_What this task involves_
For the material that follows, list every line containing the word "native".

---- Data shown

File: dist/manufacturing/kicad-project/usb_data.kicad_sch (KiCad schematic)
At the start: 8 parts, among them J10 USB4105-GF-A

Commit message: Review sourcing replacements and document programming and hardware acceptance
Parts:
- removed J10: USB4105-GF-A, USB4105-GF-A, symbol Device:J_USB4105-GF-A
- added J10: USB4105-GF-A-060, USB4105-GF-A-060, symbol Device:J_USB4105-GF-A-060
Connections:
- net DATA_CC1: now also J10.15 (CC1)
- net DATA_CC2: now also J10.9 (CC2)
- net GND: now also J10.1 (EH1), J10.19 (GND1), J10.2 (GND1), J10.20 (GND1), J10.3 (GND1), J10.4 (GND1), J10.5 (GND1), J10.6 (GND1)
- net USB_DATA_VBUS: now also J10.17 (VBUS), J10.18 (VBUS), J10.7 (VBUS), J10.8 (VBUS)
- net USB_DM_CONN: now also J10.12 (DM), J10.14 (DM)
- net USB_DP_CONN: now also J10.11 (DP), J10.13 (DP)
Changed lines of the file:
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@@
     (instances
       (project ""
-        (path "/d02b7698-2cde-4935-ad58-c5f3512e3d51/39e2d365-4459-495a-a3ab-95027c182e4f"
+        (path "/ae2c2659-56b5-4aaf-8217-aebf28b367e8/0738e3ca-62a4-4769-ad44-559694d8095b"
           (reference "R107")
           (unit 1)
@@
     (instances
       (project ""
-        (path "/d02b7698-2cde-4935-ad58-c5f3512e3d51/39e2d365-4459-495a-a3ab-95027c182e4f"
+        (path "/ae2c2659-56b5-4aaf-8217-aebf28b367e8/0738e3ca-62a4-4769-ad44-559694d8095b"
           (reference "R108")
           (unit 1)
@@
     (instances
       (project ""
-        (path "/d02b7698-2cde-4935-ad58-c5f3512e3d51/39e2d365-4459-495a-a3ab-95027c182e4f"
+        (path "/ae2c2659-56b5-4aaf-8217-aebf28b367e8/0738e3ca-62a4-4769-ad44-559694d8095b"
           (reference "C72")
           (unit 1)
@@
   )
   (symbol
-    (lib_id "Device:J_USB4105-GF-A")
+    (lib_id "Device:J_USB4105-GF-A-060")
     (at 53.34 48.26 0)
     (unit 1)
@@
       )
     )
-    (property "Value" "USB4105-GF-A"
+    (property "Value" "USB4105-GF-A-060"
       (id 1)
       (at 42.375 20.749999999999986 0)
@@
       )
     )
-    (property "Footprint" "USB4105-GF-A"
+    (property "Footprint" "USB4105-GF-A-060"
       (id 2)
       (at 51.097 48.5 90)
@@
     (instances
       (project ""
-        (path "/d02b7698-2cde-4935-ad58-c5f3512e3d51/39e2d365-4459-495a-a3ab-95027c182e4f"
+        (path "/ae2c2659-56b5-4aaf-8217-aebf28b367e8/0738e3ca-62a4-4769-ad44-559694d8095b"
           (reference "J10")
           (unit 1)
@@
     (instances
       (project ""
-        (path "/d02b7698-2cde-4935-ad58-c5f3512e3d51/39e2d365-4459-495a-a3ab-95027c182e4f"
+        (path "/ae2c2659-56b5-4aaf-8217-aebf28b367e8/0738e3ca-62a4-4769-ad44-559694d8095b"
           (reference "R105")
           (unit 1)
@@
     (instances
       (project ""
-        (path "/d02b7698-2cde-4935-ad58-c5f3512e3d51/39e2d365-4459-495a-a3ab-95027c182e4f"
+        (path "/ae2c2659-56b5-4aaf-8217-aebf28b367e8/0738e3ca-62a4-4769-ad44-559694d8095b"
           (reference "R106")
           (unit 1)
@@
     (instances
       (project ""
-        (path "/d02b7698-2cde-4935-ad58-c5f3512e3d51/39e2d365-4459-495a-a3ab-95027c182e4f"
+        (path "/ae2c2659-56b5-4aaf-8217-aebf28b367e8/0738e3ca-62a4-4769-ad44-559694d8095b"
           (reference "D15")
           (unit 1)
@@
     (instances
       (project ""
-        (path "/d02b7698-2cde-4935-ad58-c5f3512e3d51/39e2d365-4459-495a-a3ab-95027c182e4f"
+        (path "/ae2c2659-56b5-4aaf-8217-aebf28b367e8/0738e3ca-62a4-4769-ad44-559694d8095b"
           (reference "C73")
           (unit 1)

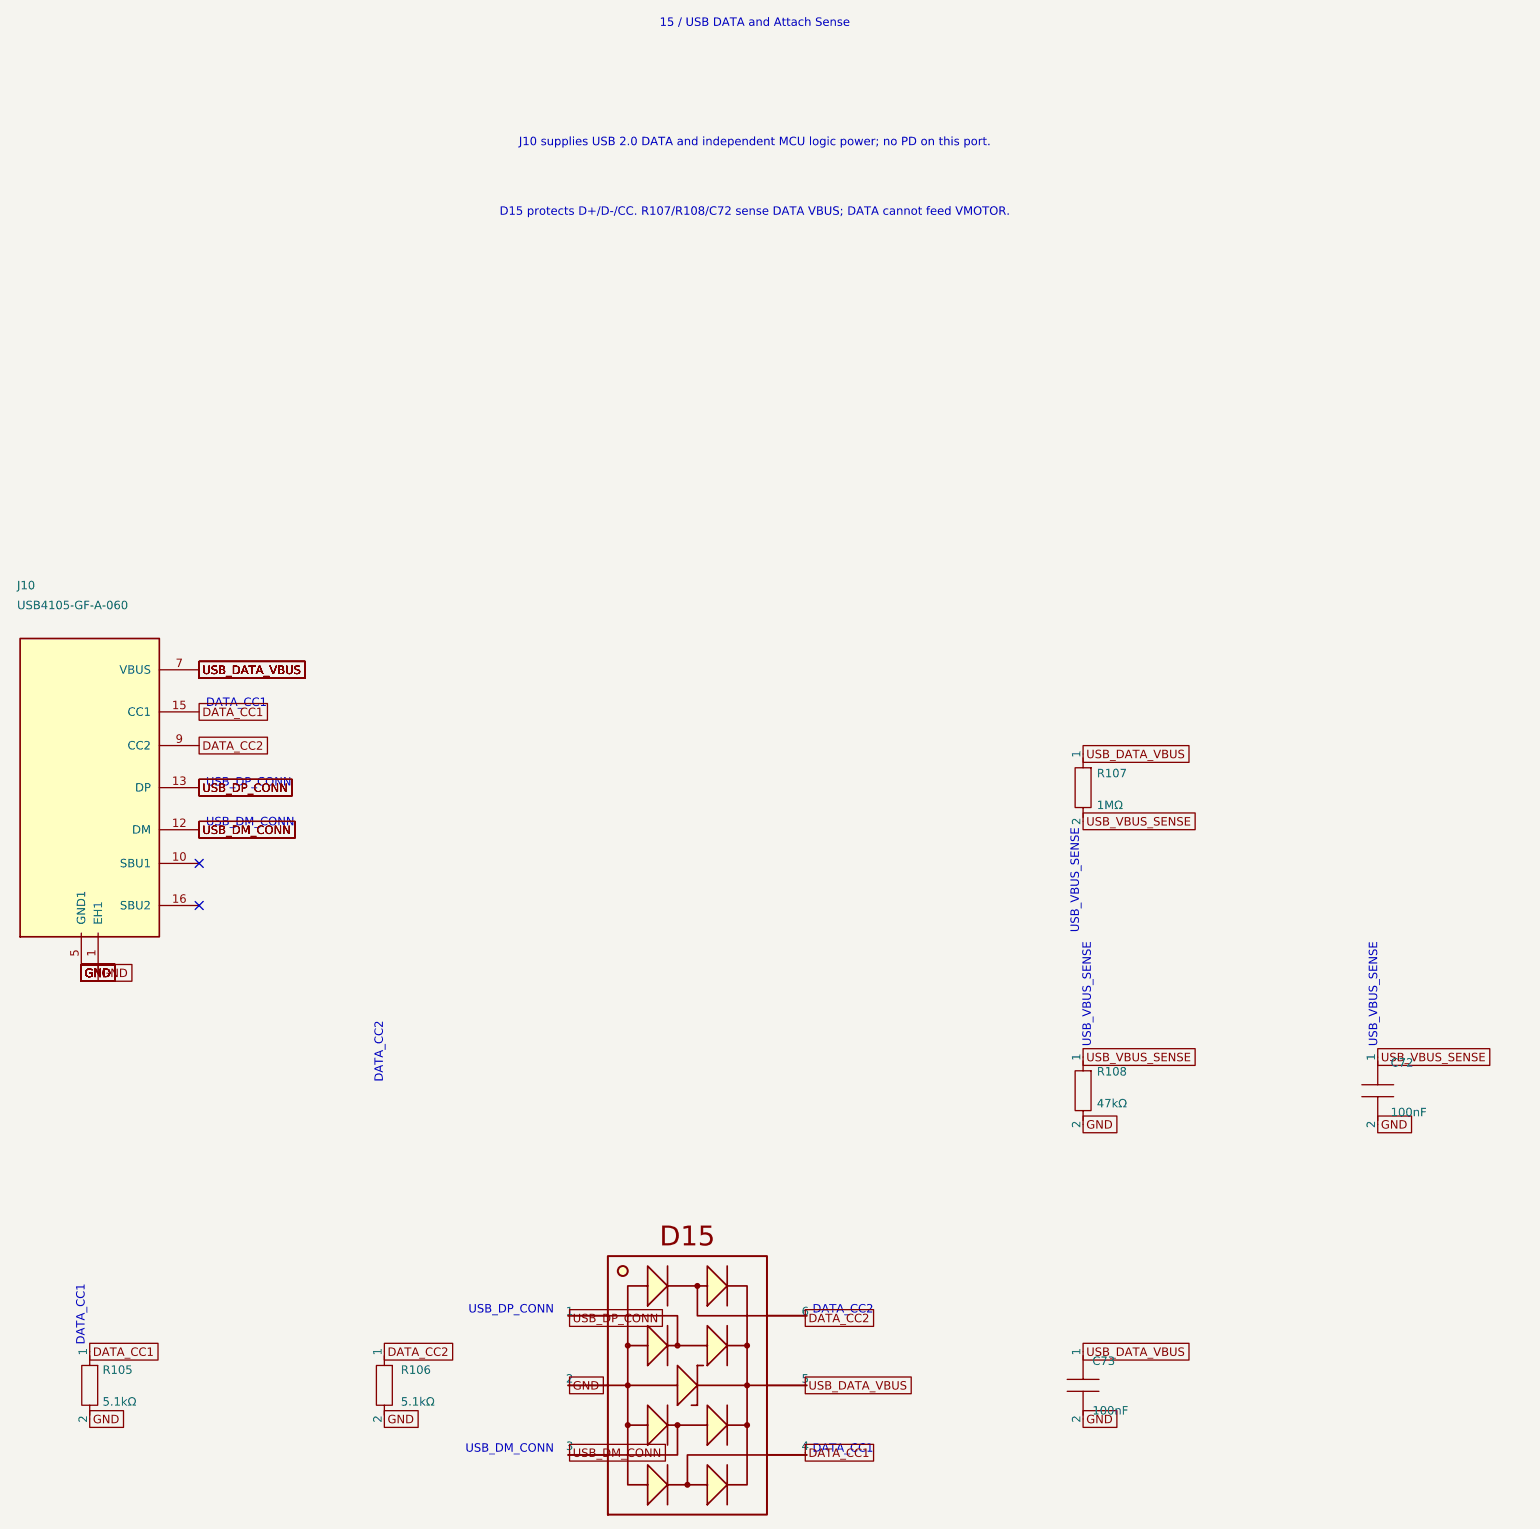
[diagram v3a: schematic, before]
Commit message: Replace unavailable MCU and expander with stocked JLC parts
Use STM32G0B1CEU6 with a grounded UFQFPN48 exposed pad and a 512 KiB
firmware/readback target. Use PCA9538PWR with a PD-powered reset buffer,
bypass capacitor and pulldown to address independent-rail reset injection.

Regenerate local routing, native/manufacturing artifacts, assembly data,
stock evidence and the routed viewer. Preserve unrelated copper and holes
with the existing protected projection. Retain motion locks and physical
qualification holds. Preserve quoted DSN net names and native EP paste sizing.
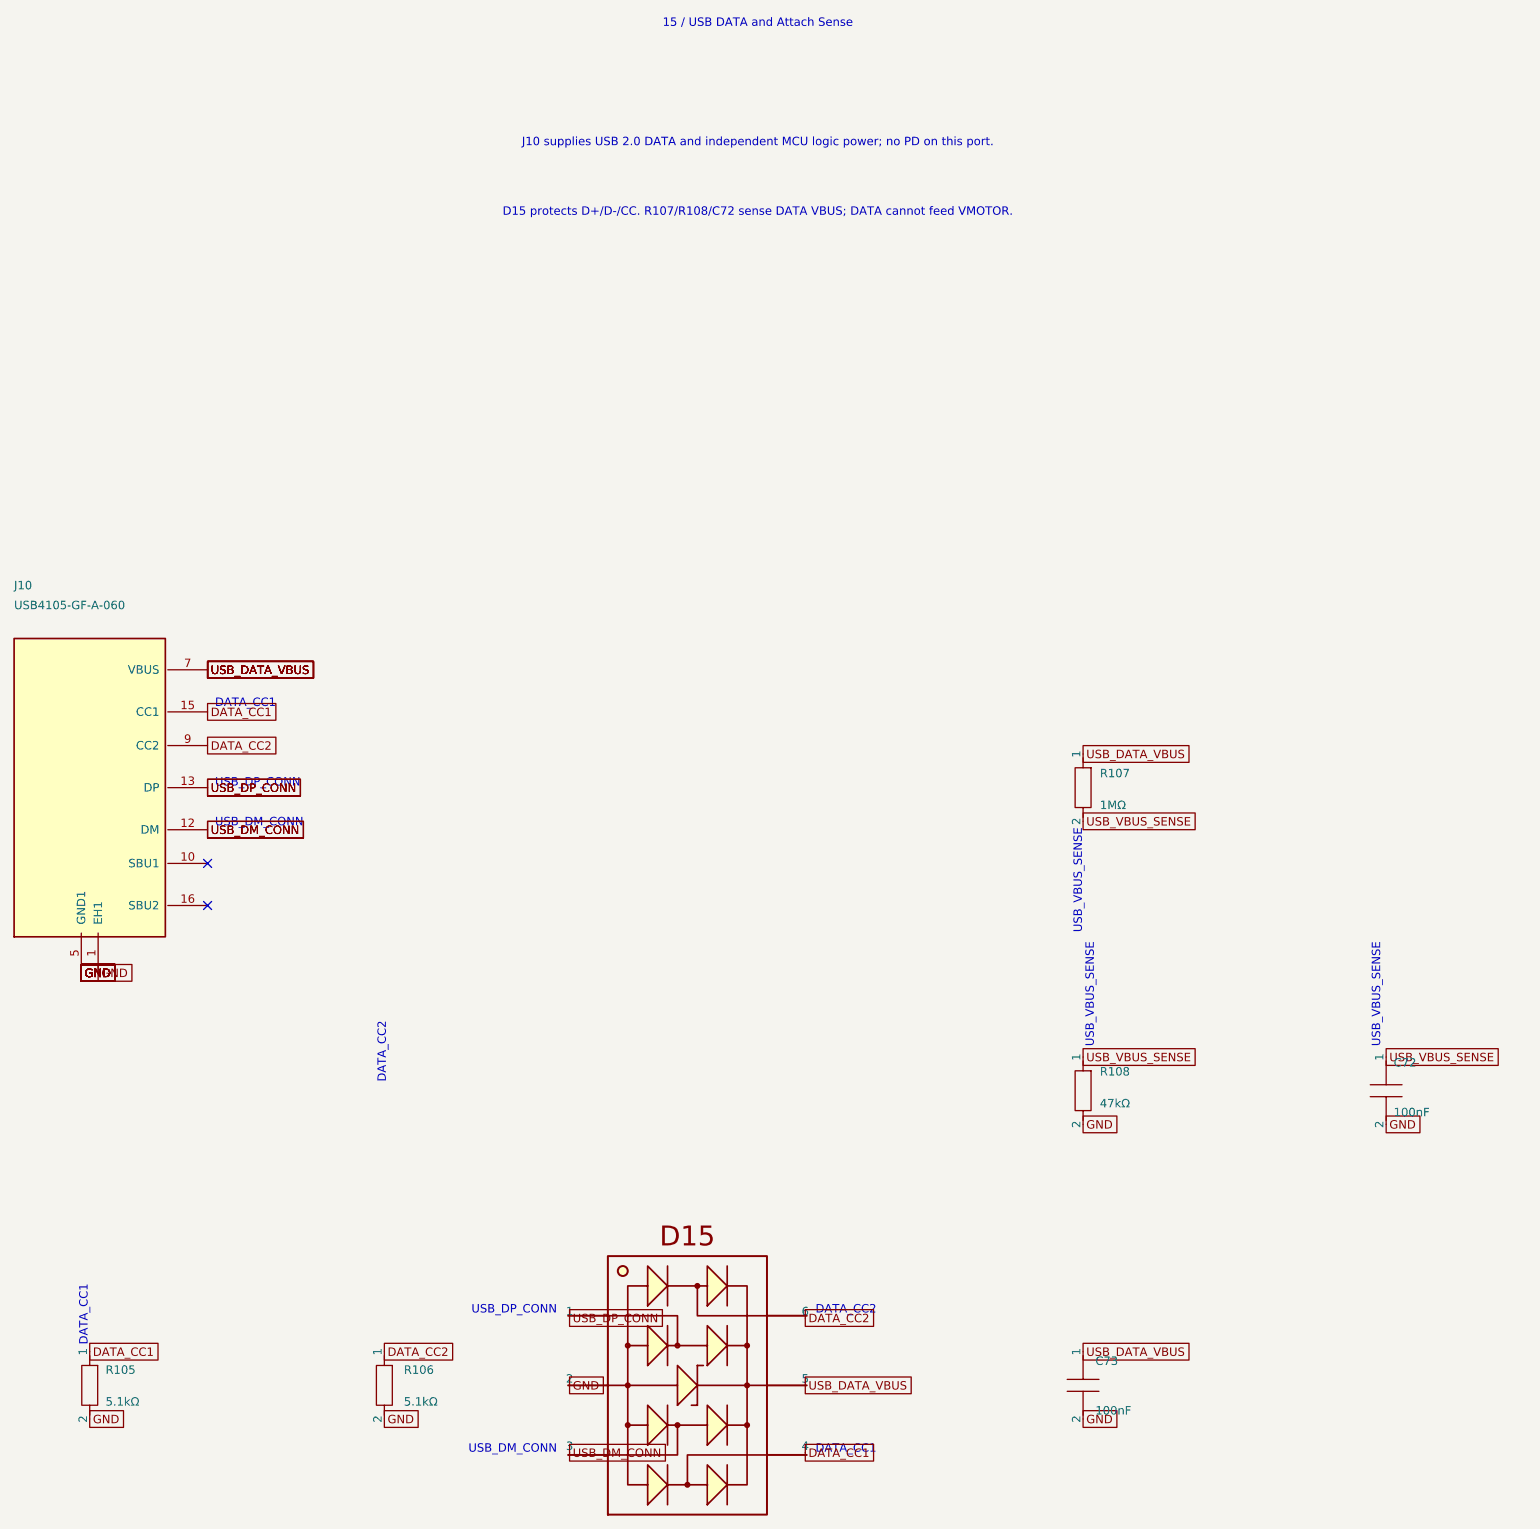
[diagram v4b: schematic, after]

--------

_Result of the task_
Regenerate local routing, native/manufacturing artifacts, assembly data,
qualification holds. Preserve quoted DSN net names and native EP paste sizing.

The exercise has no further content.